Material for the task section start

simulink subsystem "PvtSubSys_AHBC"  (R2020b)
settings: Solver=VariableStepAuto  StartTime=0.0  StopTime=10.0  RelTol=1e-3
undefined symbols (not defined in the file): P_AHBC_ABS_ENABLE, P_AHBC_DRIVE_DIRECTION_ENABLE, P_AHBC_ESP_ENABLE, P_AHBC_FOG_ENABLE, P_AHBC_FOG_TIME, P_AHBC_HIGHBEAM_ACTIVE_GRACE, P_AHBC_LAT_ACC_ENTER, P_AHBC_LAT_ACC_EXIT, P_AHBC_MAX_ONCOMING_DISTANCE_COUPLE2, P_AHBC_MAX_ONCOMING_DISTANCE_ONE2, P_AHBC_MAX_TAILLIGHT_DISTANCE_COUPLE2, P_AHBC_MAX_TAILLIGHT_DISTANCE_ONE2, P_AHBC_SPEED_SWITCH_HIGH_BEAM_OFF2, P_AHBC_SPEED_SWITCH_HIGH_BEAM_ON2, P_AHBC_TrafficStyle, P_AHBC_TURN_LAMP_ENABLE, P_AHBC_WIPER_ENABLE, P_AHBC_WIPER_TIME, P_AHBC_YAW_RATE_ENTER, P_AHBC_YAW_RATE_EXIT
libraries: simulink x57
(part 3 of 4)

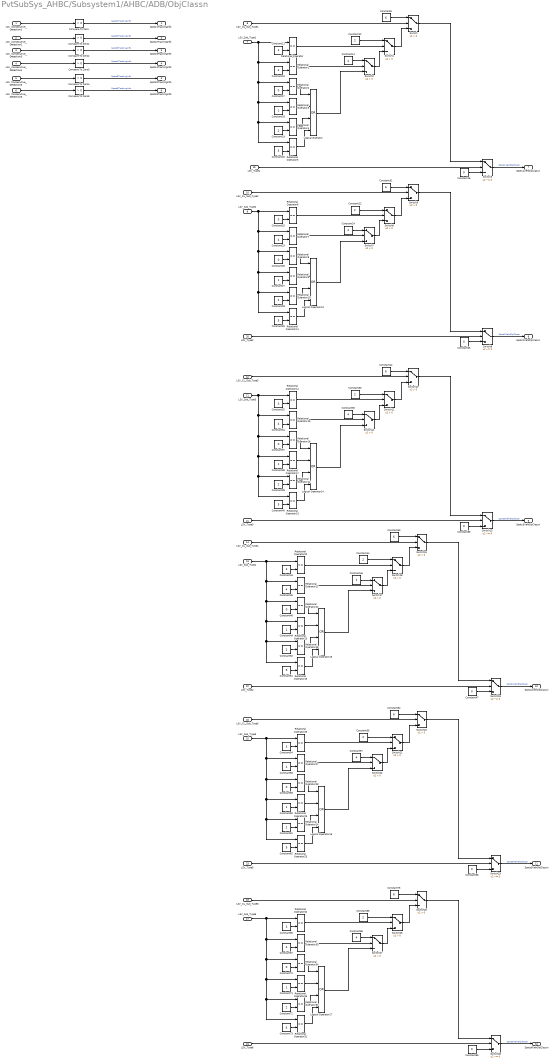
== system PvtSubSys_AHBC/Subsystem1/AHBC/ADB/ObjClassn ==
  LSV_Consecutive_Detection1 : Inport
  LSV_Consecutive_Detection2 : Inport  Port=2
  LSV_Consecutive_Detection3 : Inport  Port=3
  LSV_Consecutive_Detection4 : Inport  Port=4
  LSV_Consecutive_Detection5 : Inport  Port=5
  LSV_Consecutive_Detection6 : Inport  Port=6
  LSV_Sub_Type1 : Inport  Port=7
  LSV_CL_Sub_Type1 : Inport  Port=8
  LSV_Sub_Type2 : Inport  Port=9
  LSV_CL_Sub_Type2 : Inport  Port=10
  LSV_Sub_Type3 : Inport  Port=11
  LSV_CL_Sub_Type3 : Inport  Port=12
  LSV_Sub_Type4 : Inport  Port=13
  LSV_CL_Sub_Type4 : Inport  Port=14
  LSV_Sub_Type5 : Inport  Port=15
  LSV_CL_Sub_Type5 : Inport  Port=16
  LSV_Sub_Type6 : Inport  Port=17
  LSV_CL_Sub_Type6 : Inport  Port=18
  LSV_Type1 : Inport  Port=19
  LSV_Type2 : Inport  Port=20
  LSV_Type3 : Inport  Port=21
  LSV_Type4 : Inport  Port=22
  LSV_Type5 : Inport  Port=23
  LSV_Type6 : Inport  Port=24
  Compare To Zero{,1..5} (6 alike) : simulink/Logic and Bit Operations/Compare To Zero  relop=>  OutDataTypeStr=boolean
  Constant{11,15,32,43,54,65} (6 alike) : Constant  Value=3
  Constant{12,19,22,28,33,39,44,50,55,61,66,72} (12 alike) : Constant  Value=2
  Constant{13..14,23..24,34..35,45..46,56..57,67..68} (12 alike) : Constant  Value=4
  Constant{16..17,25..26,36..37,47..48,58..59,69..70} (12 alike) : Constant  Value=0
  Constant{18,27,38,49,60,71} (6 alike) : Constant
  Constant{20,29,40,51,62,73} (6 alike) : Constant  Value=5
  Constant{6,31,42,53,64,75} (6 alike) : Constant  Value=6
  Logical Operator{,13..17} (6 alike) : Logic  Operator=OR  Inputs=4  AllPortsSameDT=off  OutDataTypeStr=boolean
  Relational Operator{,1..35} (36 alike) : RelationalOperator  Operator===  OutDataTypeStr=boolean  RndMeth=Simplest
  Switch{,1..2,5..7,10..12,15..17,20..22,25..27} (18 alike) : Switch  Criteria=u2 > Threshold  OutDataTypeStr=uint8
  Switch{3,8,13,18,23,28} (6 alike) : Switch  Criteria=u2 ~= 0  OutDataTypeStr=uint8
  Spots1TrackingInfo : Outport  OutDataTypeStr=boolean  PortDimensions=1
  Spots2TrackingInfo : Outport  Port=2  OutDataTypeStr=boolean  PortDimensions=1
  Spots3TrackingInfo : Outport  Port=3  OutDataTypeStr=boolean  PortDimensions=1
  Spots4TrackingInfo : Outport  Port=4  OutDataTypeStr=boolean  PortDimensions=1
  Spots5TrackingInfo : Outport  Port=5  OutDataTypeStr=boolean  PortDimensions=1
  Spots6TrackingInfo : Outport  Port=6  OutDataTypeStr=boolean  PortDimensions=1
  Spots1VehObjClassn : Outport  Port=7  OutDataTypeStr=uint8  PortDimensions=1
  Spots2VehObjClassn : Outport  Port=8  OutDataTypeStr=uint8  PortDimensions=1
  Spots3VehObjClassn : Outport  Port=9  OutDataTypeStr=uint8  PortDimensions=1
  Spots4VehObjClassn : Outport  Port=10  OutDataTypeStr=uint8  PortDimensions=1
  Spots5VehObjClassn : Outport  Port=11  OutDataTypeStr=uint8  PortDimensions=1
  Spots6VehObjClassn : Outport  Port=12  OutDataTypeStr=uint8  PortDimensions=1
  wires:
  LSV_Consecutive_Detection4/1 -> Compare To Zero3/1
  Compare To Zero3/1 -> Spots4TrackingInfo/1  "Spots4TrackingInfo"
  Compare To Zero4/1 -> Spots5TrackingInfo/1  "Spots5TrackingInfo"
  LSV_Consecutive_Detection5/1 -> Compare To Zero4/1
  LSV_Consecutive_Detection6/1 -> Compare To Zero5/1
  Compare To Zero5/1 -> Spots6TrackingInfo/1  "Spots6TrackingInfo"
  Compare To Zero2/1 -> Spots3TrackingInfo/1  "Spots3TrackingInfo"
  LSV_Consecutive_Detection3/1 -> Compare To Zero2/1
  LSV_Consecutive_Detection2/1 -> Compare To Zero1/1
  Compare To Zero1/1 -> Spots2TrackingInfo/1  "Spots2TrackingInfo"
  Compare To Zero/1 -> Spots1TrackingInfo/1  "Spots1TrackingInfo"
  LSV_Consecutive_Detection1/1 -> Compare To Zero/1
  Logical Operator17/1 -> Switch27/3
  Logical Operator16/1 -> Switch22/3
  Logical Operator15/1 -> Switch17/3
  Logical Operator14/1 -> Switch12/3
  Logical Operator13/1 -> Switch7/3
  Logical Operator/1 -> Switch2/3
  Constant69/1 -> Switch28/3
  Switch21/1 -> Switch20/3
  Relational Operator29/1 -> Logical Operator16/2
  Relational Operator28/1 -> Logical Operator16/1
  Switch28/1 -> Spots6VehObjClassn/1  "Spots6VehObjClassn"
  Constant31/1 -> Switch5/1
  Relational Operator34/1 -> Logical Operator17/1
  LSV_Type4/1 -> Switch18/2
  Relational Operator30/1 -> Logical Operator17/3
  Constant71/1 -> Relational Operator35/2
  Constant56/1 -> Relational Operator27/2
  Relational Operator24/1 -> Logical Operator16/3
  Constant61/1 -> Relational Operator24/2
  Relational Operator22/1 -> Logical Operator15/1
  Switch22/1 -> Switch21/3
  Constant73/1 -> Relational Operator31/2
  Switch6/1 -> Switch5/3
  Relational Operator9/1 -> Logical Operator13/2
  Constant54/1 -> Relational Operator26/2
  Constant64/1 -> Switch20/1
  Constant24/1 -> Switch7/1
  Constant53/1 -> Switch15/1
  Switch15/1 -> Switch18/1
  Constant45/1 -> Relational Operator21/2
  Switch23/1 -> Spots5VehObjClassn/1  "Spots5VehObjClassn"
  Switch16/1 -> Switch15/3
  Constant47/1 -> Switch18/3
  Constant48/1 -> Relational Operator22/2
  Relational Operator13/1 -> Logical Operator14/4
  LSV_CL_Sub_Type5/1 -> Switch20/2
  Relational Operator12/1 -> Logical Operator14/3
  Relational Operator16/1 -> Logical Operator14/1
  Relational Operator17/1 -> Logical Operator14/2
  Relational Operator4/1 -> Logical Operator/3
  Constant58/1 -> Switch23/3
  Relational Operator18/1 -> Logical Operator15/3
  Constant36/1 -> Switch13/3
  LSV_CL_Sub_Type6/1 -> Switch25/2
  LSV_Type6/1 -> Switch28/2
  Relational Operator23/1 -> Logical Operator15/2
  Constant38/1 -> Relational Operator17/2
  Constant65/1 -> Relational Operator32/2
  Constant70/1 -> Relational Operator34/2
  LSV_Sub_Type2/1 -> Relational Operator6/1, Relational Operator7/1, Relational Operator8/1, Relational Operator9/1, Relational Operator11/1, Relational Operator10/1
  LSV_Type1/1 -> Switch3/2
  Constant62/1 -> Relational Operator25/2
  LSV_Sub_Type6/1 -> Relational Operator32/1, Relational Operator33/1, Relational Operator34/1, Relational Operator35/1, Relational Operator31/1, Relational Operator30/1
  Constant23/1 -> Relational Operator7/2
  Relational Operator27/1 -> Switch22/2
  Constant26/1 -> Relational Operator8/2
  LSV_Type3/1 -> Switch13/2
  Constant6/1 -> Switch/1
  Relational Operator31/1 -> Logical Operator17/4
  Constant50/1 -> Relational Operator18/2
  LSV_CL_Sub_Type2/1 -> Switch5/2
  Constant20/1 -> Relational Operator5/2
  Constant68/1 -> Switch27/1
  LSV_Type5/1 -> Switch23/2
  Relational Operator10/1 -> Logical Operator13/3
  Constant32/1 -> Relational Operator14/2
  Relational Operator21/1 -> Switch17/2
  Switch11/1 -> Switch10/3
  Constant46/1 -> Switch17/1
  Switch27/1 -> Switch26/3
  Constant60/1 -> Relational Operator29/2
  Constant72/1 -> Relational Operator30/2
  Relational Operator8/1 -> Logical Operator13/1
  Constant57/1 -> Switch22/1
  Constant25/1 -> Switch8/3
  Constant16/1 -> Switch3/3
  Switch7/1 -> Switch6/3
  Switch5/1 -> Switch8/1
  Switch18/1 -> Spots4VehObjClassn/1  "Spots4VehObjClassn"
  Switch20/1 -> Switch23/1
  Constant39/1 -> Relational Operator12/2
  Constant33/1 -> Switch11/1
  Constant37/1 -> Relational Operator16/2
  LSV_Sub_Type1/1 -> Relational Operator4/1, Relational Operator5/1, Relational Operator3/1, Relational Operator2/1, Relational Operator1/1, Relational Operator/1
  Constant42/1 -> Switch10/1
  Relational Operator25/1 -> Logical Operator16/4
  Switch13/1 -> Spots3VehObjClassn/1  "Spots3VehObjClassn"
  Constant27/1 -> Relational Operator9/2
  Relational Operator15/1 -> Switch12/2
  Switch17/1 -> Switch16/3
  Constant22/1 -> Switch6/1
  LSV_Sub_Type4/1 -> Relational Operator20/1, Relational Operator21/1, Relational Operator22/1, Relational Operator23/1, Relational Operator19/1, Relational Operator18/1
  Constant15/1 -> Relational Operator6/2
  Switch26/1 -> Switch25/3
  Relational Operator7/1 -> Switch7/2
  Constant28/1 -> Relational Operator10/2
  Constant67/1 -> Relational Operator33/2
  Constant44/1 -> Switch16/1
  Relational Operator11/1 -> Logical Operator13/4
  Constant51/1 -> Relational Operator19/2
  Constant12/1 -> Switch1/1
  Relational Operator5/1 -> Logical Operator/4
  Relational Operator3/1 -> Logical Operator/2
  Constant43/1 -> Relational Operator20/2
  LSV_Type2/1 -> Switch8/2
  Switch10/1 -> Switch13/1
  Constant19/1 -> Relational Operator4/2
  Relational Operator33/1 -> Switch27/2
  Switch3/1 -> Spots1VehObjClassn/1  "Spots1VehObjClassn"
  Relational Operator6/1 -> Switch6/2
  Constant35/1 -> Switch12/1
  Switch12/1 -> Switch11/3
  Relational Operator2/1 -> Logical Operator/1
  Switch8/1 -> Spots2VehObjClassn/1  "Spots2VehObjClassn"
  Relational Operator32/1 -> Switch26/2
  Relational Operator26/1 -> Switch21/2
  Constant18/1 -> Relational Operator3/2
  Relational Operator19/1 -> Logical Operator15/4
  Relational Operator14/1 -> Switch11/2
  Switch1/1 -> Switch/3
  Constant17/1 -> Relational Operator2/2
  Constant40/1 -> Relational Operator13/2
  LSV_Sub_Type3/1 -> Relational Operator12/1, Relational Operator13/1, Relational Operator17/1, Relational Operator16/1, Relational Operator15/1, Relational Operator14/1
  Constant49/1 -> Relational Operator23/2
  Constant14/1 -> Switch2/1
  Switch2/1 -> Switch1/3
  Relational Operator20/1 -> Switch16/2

Material for the task section end

▶ **What you have to do**:
I'd like the lines above from the one with "Spots1VehObjClassn : Outport" up to and including the one with "LSV_Consecutive_Detection5/1 -> Compare" copied exactly, with no other lines.

▶ **Exercise output**:
  Spots1VehObjClassn : Outport  Port=7  OutDataTypeStr=uint8  PortDimensions=1
  Spots2VehObjClassn : Outport  Port=8  OutDataTypeStr=uint8  PortDimensions=1
  Spots3VehObjClassn : Outport  Port=9  OutDataTypeStr=uint8  PortDimensions=1
  Spots4VehObjClassn : Outport  Port=10  OutDataTypeStr=uint8  PortDimensions=1
  Spots5VehObjClassn : Outport  Port=11  OutDataTypeStr=uint8  PortDimensions=1
  Spots6VehObjClassn : Outport  Port=12  OutDataTypeStr=uint8  PortDimensions=1
  wires:
  LSV_Consecutive_Detection4/1 -> Compare To Zero3/1
  Compare To Zero3/1 -> Spots4TrackingInfo/1  "Spots4TrackingInfo"
  Compare To Zero4/1 -> Spots5TrackingInfo/1  "Spots5TrackingInfo"
  LSV_Consecutive_Detection5/1 -> Compare To Zero4/1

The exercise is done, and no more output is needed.